===== DATA FOR REVIEW =====

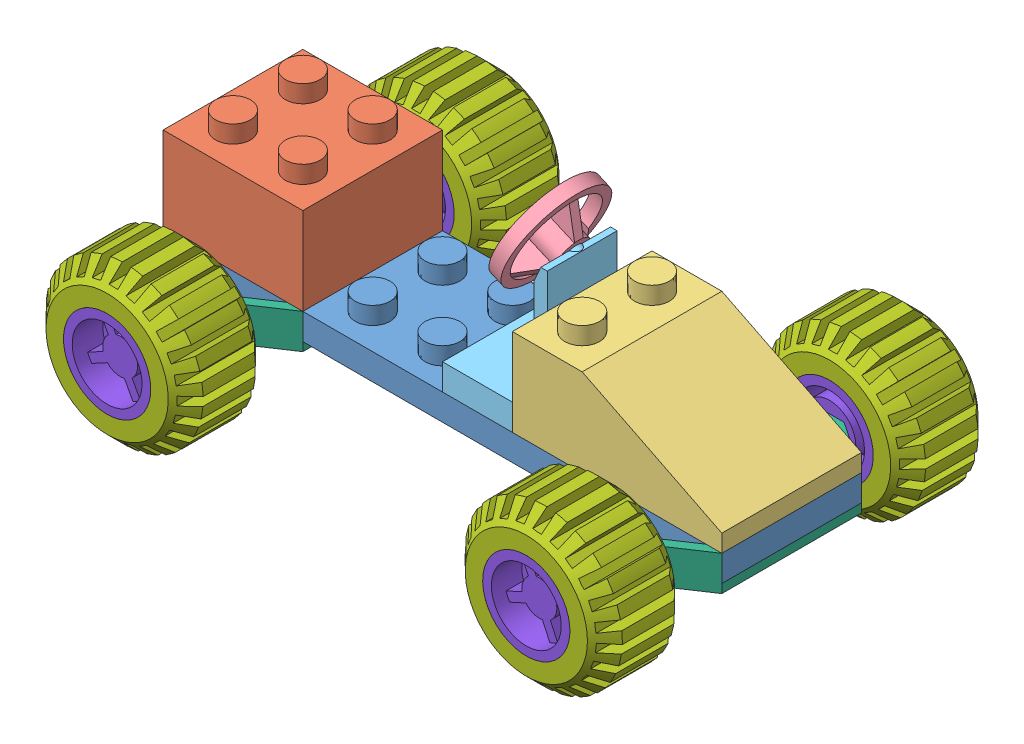
SolidWorks assembly auto, configuration Default. Lengths in mm.
Overall size (72.22 35.79 44.77).
21 component instances, 9 part files, 19 mates.
Components (placement in the parent):
- Bottom brick-1: Bottom brick [Default] at (25.9279 30.5128 50.0105) size (64 5 16)
- Back brick-1: Back brick [Default] at (-6.0721 33.5128 42.0105) size (16 12 16)
- Front brick-1: Front brick [Default] at (78.7803 48.6261 58.0105) x (0 0 -1) z (1 0 0) size (16 12 24)
- Steering wheel assembly-1: Steering wheel assembly [Default] at (36.7202 36.6458 44.703) x (0 0 1) z (-0.916157 0.400819 0) size (16 20.7 13.6)
  - Steering wheel-1: Steering wheel [Default] at (5.3075 7.6005 7.601) size (11.8 11.8 3.5)
  - Part7^Steering wheel assembly-1: Part7^Steering wheel assembly [Default] at origin (virtual)
  - Steering base-1: Steering base [Default] at (5.3075 -5.5928 4.9671) x (1 0 0) z (0 -0.400819 0.916157) size (16 15.65 8)
- Chassis-2: Chassis [Default] at (49.9279 29.5128 50.0105) x (0 0 -1) z (1 0 0) size (40 4 16)
- Chassis-3: Chassis [Default] at (1.9279 29.5128 50.0105) x (0 0 1) z (-1 0 0) size (40 4 16)
- Tire assembly-1: Tire assembly [klein] at (-4.2062 49.1673 20.0275) x (-0.510873 -0.859656 0) z (0 0 1) size (17.97 17.97 10)
  - Tire-1: Tire [Default] at (12.043 14.2925 7.6421) size (17.97 17.97 10)
  - Wheel-1: Wheel [Default] at (12.043 14.2925 12.6421) size (10 10 10)
- Tire assembly-2: Tire assembly [klein] at (19.3219 24.6748 80.0752) x (-0.879473 -0.475948 0) z (0 0 -1) size (17.97 17.97 10)
  - Tire-1: Tire [Default] at (12.043 14.2925 7.6421) size (17.97 17.97 10)
  - Wheel-1: Wheel [Default] at (12.043 14.2925 12.6421) size (10 10 10)
- Tire assembly-3: Tire assembly [klein] at (66.8126 23.4993 80.052) x (-0.910012 -0.414582 0) z (0 0 -1) size (17.97 17.97 10)
  - Tire-1: Tire [Default] at (12.043 14.2925 7.6421) size (17.97 17.97 10)
  - Wheel-1: Wheel [Default] at (12.043 14.2925 12.6421) size (10 10 10)
- Tire assembly-4: Tire assembly [klein] at (38.1715 16.9837 20.0208) x (0.999802 0.019884 0) z (0 0 1) size (17.97 17.97 10)
  - Tire-1: Tire [Default] at (12.043 14.2925 7.6421) size (17.97 17.97 10)
  - Wheel-1: Wheel [Default] at (12.043 14.2925 12.6421) size (10 10 10)
Mates (geometry in assembly coordinates):
- Coincident4: coincident: plane of Back brick-1 through (-6.0721 43.5128 42.0105) normal (-1 0 0); plane of Bottom brick-1 through (-6.0721 33.5128 42.0105) normal (-1 0 0)
- Coincident6: coincident: plane of Bottom brick-1 through (25.9279 33.5128 50.0105) normal (0 1 0); plane of Back brick-1 through (-6.0721 33.5128 42.0105) normal (0 -1 0)
- Coincident8: coincident: plane of Bottom brick-1 through (-6.0721 33.5128 42.0105) normal (0 0 -1); plane of Front brick-1 through (78.7803 48.6261 42.0105) normal (0 0 -1)
- Coincident9: coincident: plane of Bottom brick-1 through (57.9279 33.5128 42.0105) normal (1 0 0); plane of Front brick-1 through (57.9279 35.5128 42.0105) normal (1 0 0)
- Coincident10: coincident: plane of Bottom brick-1 through (25.9279 33.5128 50.0105) normal (0 1 0); plane of Front brick-1 through (57.9279 33.5128 42.0105) normal (0 -1 0)
- Coincident11: coincident: plane of Bottom brick-1 through (-6.0721 33.5128 58.0105) normal (0 0 1); plane of Back brick-1 through (-6.0721 43.5128 58.0105) normal (0 0 1)
- Coincident12: coincident: plane of Bottom brick-1 through (-6.0721 33.5128 42.0105) normal (0 0 -1); plane of Steering wheel assembly-1/Steering base-1 through (33.9279 36.5128 42.0105) normal (0 0 -1)
- Coincident13: coincident: plane of Front brick-1 through (33.9279 33.5128 42.0105) normal (-1 0 0); plane of Steering wheel assembly-1/Steering base-1 through (33.9279 36.5128 42.0105) normal (1 0 0)
- Coincident14: coincident: plane of Bottom brick-1 through (25.9279 33.5128 50.0105) normal (0 1 0); plane of Steering wheel assembly-1/Steering base-1 through (29.9279 33.5128 50.0105) normal (0 -1 0)
- Coincident23: coincident: plane of Bottom brick-1 through (57.9279 33.5128 42.0105) normal (1 0 0); plane of Chassis-2 through (57.9279 30.5128 50.0105) normal (1 0 0)
- Coincident24: coincident: plane of Bottom brick-1 through (-6.0721 33.5128 58.0105) normal (0 0 1); plane of Chassis-2 through (56.1251 33.5128 58.0105) normal (0 0 -1)
- Coincident25: coincident: plane of Bottom brick-1 through (25.9279 30.5128 50.0105) normal (0 -1 0); plane of Chassis-2 through (49.9279 30.5128 50.0105) normal (0 1 0)
- Coincident26: coincident: plane of Bottom brick-1 through (-6.0721 33.5128 58.0105) normal (0 0 1); plane of Chassis-3 through (9.9279 33.5128 58.0105) normal (0 0 -1)
- Coincident27: coincident: plane of Bottom brick-1 through (-6.0721 33.5128 42.0105) normal (-1 0 0); line of Chassis-3 through (-6.0721 30.5128 42.0105) axis (0 0 1)
- Coincident28: coincident: plane of Bottom brick-1 through (25.9279 30.5128 50.0105) normal (0 -1 0); plane of Chassis-3 through (1.9279 30.5128 50.0105) normal (0 1 0)
- Concentric1: concentric: cylinder of Chassis-3 through (1.9279 31.5128 30.0105) axis (0 0 1) radius 1.5; cylinder of Tire assembly-1/Wheel-1 through (1.9279 31.5128 34.6695) axis (0 0 1) radius 1.5
- Concentric2: concentric: cylinder of Chassis-3 through (1.9279 31.5128 70.0105) axis (0 0 -1) radius 1.5; cylinder of Tire assembly-2/Wheel-1 through (1.9279 31.5128 65.4332) axis (0 0 -1) radius 1.5
- Concentric3: concentric: cylinder of Chassis-2 through (49.9279 31.5128 70.0105) axis (0 0 -1) radius 1.5; cylinder of Tire assembly-3/Wheel-1 through (49.9279 31.5128 65.41) axis (0 0 -1) radius 1.5
- Concentric4: concentric: cylinder of Chassis-2 through (49.9279 31.5128 30.0105) axis (0 0 1) radius 1.5; cylinder of Tire assembly-4/Wheel-1 through (49.9279 31.5128 34.6629) axis (0 0 1) radius 1.5

=====

**WHAT YOU ARE ASKED TO DO:** Take the entries above and return only the lines from the one with "- Bottom brick-1: Bottom" to the one with "- Part7^Steering wheel", both included, unchanged.

**YOUR RESPONSE:**
- Bottom brick-1: Bottom brick [Default] at (25.9279 30.5128 50.0105) size (64 5 16)
- Back brick-1: Back brick [Default] at (-6.0721 33.5128 42.0105) size (16 12 16)
- Front brick-1: Front brick [Default] at (78.7803 48.6261 58.0105) x (0 0 -1) z (1 0 0) size (16 12 24)
- Steering wheel assembly-1: Steering wheel assembly [Default] at (36.7202 36.6458 44.703) x (0 0 1) z (-0.916157 0.400819 0) size (16 20.7 13.6)
  - Steering wheel-1: Steering wheel [Default] at (5.3075 7.6005 7.601) size (11.8 11.8 3.5)
  - Part7^Steering wheel assembly-1: Part7^Steering wheel assembly [Default] at origin (virtual)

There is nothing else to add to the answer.